Show every line of the records below that contains the word "column".

** Provided data follows **

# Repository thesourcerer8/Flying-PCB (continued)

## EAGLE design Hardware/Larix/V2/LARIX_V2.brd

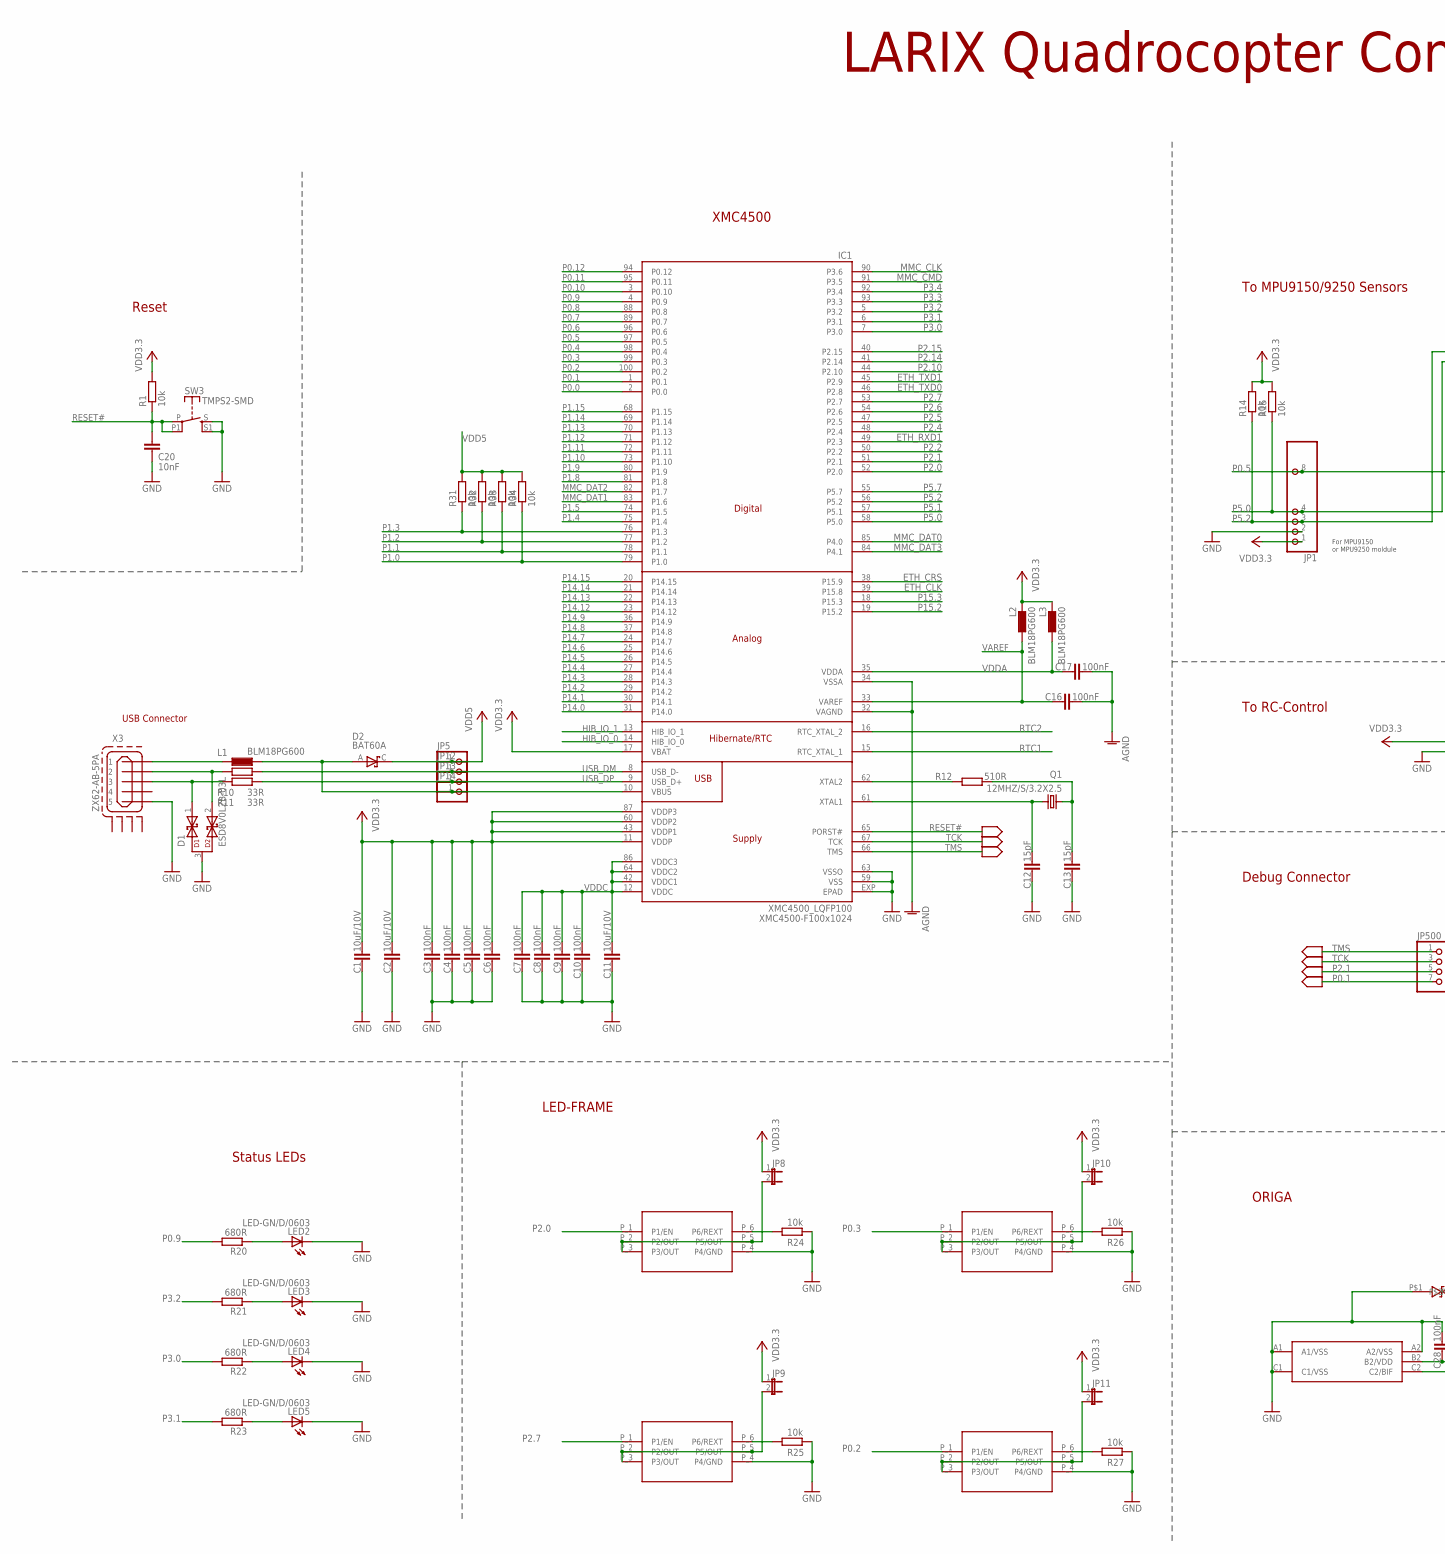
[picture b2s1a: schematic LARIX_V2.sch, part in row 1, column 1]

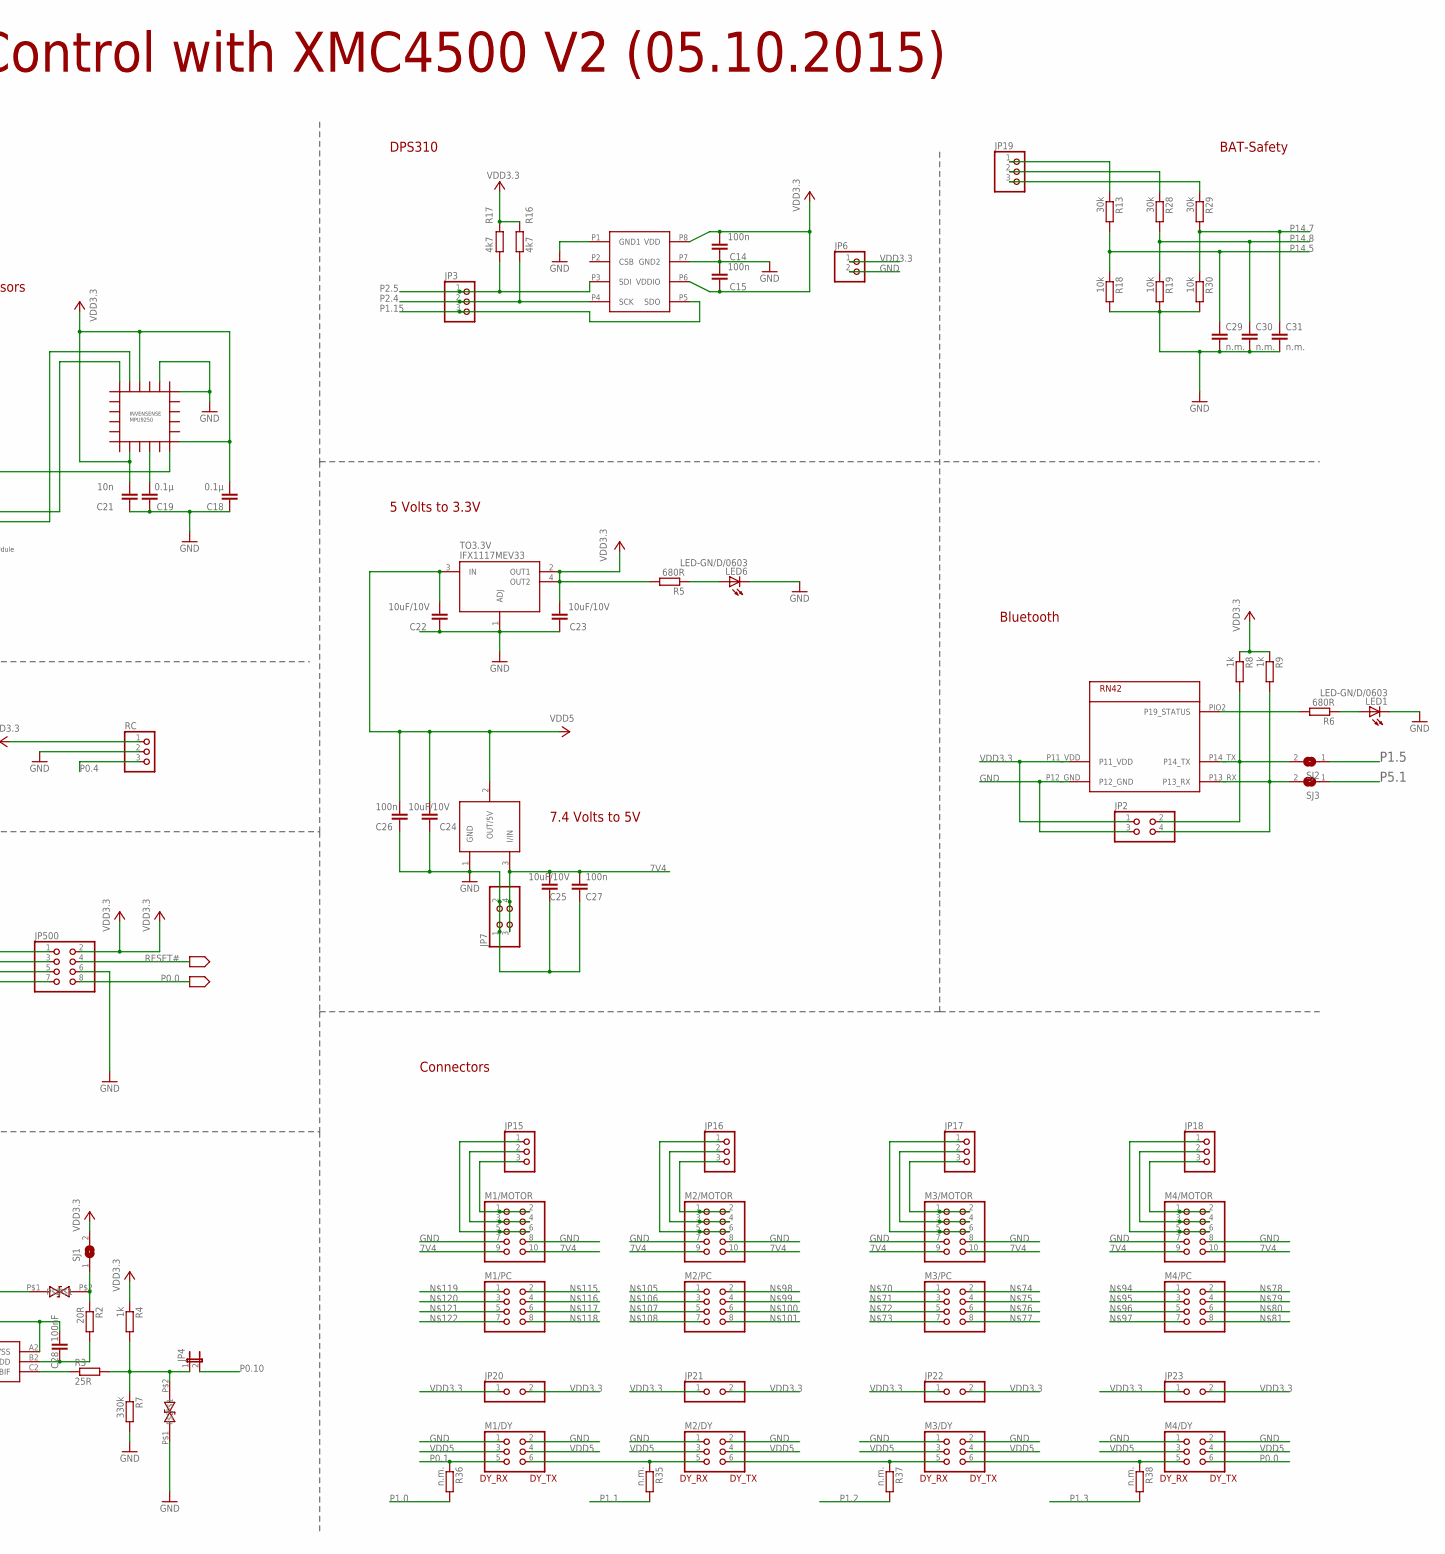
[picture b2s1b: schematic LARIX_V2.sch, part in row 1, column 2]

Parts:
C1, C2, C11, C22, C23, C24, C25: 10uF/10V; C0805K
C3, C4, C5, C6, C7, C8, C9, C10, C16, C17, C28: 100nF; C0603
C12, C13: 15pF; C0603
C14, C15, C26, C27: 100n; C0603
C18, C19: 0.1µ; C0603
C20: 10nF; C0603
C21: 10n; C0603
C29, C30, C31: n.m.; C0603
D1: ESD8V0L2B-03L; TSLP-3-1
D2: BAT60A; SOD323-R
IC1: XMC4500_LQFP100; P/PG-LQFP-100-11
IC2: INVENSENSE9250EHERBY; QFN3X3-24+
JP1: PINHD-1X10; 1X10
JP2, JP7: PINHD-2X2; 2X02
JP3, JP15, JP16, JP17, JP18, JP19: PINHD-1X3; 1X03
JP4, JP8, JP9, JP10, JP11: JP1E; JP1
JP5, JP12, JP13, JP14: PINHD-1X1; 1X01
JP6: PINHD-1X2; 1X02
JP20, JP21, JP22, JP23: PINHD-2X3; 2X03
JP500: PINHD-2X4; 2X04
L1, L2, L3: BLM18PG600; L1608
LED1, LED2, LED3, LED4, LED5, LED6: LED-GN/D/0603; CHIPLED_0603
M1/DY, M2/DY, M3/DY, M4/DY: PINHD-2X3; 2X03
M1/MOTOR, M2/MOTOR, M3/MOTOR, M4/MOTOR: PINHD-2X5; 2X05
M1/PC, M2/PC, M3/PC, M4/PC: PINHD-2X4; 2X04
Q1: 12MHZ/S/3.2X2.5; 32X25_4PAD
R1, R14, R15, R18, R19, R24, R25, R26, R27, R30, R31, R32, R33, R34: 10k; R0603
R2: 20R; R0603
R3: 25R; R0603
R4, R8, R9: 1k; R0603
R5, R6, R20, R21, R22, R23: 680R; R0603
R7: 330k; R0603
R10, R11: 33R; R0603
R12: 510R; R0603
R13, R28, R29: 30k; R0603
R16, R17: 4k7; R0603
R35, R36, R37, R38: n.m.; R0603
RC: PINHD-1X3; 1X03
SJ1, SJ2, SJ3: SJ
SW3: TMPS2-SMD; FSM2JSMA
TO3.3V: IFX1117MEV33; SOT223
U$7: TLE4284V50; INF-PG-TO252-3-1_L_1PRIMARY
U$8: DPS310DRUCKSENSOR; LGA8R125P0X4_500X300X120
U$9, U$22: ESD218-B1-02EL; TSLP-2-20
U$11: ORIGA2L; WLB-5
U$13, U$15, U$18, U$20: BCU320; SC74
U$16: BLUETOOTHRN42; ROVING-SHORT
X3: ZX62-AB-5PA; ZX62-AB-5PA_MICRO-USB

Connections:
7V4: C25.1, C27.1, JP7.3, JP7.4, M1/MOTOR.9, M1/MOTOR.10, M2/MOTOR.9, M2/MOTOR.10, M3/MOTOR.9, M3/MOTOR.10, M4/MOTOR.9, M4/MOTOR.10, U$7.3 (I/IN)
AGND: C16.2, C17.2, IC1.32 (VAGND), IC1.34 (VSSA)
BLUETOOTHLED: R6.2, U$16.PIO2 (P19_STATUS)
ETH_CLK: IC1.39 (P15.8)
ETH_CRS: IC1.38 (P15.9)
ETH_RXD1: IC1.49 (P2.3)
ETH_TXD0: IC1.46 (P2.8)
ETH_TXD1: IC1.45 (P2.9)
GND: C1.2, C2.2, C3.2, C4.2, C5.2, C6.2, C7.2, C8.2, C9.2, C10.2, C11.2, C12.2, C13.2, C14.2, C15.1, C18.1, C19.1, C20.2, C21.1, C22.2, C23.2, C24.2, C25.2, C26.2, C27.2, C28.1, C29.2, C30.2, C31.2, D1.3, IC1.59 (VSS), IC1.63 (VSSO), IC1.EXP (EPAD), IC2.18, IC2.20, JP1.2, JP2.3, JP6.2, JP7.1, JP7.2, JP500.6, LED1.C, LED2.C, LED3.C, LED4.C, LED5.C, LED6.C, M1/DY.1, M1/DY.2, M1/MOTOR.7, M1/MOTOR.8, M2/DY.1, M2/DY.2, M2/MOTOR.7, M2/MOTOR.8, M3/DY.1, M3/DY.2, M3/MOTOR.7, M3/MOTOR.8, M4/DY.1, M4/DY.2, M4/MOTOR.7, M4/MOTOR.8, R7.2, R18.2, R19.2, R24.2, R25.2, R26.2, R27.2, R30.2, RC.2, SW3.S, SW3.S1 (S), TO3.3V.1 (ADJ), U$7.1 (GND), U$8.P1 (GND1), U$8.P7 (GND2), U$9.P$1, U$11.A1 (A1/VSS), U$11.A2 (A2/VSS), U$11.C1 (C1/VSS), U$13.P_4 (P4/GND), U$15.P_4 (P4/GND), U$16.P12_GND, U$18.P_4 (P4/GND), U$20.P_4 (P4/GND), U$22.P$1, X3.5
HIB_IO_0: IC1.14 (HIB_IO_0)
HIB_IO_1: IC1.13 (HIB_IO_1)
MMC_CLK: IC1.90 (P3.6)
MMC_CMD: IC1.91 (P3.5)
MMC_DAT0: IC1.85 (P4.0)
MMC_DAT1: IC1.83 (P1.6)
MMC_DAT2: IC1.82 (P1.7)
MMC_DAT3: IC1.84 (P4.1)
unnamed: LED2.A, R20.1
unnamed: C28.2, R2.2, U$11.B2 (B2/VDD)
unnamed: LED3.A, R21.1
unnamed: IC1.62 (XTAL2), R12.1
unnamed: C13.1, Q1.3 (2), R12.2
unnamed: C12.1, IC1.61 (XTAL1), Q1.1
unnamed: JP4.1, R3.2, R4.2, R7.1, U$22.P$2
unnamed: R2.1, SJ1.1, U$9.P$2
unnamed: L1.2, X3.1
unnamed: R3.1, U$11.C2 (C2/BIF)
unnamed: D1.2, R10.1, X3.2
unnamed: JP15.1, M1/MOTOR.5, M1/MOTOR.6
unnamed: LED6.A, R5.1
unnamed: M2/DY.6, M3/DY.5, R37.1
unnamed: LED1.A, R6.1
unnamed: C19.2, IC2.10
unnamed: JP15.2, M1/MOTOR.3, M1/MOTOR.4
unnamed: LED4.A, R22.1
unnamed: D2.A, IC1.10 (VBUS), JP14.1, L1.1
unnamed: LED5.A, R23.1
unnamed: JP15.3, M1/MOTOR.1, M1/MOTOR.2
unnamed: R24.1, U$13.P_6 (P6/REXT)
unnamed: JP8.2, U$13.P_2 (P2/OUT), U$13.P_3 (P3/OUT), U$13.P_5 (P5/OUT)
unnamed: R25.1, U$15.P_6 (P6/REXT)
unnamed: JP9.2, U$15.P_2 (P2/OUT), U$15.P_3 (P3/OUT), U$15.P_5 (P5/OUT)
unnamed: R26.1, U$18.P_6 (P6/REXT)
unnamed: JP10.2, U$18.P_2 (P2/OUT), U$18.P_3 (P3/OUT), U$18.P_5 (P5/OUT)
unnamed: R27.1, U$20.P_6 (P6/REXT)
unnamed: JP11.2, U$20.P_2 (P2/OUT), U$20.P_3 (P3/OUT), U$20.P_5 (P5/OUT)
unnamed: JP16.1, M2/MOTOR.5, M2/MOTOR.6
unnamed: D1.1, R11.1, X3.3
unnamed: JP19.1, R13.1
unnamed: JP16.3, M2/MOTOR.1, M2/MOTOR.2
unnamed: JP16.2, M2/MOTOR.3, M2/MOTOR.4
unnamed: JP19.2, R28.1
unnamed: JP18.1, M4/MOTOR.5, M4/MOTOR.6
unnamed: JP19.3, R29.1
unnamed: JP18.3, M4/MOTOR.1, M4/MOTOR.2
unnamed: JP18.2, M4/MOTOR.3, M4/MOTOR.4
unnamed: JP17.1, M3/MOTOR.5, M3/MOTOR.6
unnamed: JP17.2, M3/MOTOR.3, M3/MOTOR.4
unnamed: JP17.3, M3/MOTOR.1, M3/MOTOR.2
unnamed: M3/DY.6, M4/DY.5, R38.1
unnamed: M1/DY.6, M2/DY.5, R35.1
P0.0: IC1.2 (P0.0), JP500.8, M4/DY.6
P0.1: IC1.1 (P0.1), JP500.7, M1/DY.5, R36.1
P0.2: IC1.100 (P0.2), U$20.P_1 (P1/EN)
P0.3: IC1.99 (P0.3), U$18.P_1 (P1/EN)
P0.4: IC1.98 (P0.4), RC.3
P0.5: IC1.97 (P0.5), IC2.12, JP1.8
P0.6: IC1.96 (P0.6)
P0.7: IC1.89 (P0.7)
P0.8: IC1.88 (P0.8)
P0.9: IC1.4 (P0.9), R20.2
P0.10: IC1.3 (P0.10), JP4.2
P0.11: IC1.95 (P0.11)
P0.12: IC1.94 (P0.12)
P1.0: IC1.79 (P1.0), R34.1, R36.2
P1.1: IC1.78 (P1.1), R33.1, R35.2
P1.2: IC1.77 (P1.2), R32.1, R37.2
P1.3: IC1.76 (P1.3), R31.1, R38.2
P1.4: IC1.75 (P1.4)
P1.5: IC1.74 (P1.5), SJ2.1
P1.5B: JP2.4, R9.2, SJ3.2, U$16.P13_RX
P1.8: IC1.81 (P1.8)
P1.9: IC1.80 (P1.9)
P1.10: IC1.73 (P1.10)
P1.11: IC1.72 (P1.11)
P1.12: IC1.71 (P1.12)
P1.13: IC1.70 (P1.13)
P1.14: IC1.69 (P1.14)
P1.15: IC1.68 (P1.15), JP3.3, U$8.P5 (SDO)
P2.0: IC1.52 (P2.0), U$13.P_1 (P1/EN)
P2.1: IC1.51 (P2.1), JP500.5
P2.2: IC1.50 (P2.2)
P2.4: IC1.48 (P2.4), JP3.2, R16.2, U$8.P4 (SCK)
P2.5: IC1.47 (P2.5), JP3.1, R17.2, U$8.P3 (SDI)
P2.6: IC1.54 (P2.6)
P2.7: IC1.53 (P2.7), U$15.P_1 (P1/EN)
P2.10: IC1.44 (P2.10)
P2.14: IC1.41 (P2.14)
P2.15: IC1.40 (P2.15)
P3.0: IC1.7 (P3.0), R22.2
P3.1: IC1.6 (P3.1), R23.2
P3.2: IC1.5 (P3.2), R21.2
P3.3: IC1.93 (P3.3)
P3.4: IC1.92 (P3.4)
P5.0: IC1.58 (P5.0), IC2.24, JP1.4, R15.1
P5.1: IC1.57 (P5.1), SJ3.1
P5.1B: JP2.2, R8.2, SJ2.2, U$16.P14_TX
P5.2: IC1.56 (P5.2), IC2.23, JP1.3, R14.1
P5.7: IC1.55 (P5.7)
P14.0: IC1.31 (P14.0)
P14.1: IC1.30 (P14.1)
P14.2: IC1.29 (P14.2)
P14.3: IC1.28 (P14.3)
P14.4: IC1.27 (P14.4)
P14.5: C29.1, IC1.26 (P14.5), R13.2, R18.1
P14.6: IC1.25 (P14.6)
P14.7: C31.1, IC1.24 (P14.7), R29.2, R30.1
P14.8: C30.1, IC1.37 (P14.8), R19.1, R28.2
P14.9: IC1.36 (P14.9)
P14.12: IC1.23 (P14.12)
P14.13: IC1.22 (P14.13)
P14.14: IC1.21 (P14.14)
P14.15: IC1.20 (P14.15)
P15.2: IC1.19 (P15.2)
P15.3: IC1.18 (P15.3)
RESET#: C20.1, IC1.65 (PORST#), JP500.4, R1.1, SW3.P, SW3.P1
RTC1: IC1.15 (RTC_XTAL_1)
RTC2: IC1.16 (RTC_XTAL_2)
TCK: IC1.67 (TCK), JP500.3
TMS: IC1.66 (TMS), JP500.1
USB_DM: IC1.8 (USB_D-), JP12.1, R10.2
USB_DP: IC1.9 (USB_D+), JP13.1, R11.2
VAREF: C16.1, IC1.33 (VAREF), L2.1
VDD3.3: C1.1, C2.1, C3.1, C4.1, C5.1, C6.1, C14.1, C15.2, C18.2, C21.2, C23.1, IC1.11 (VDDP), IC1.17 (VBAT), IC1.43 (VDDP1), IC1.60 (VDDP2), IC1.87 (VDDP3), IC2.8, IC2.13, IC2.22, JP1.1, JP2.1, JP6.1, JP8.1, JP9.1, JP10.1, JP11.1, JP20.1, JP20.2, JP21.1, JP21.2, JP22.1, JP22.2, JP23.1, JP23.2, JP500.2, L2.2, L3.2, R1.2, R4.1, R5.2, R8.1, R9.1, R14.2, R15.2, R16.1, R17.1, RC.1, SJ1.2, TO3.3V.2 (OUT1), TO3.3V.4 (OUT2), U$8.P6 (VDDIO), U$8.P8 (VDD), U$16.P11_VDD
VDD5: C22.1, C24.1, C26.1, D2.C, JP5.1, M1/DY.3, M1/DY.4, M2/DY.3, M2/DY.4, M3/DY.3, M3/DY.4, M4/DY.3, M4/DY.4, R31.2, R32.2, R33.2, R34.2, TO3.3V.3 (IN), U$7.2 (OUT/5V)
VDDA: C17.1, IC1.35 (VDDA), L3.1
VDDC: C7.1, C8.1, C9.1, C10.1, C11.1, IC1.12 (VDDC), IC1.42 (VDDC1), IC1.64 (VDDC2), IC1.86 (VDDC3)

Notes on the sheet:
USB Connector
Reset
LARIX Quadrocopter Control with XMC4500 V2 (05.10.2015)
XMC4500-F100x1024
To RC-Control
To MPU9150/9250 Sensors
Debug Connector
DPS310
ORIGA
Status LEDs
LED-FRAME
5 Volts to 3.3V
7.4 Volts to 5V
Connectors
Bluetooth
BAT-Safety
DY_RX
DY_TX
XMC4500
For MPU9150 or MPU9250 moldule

** End of Provided data **

▶ Result of this task
[picture b2s1a: schematic LARIX_V2.sch, part in row 1, column 1]
[picture b2s1b: schematic LARIX_V2.sch, part in row 1, column 2]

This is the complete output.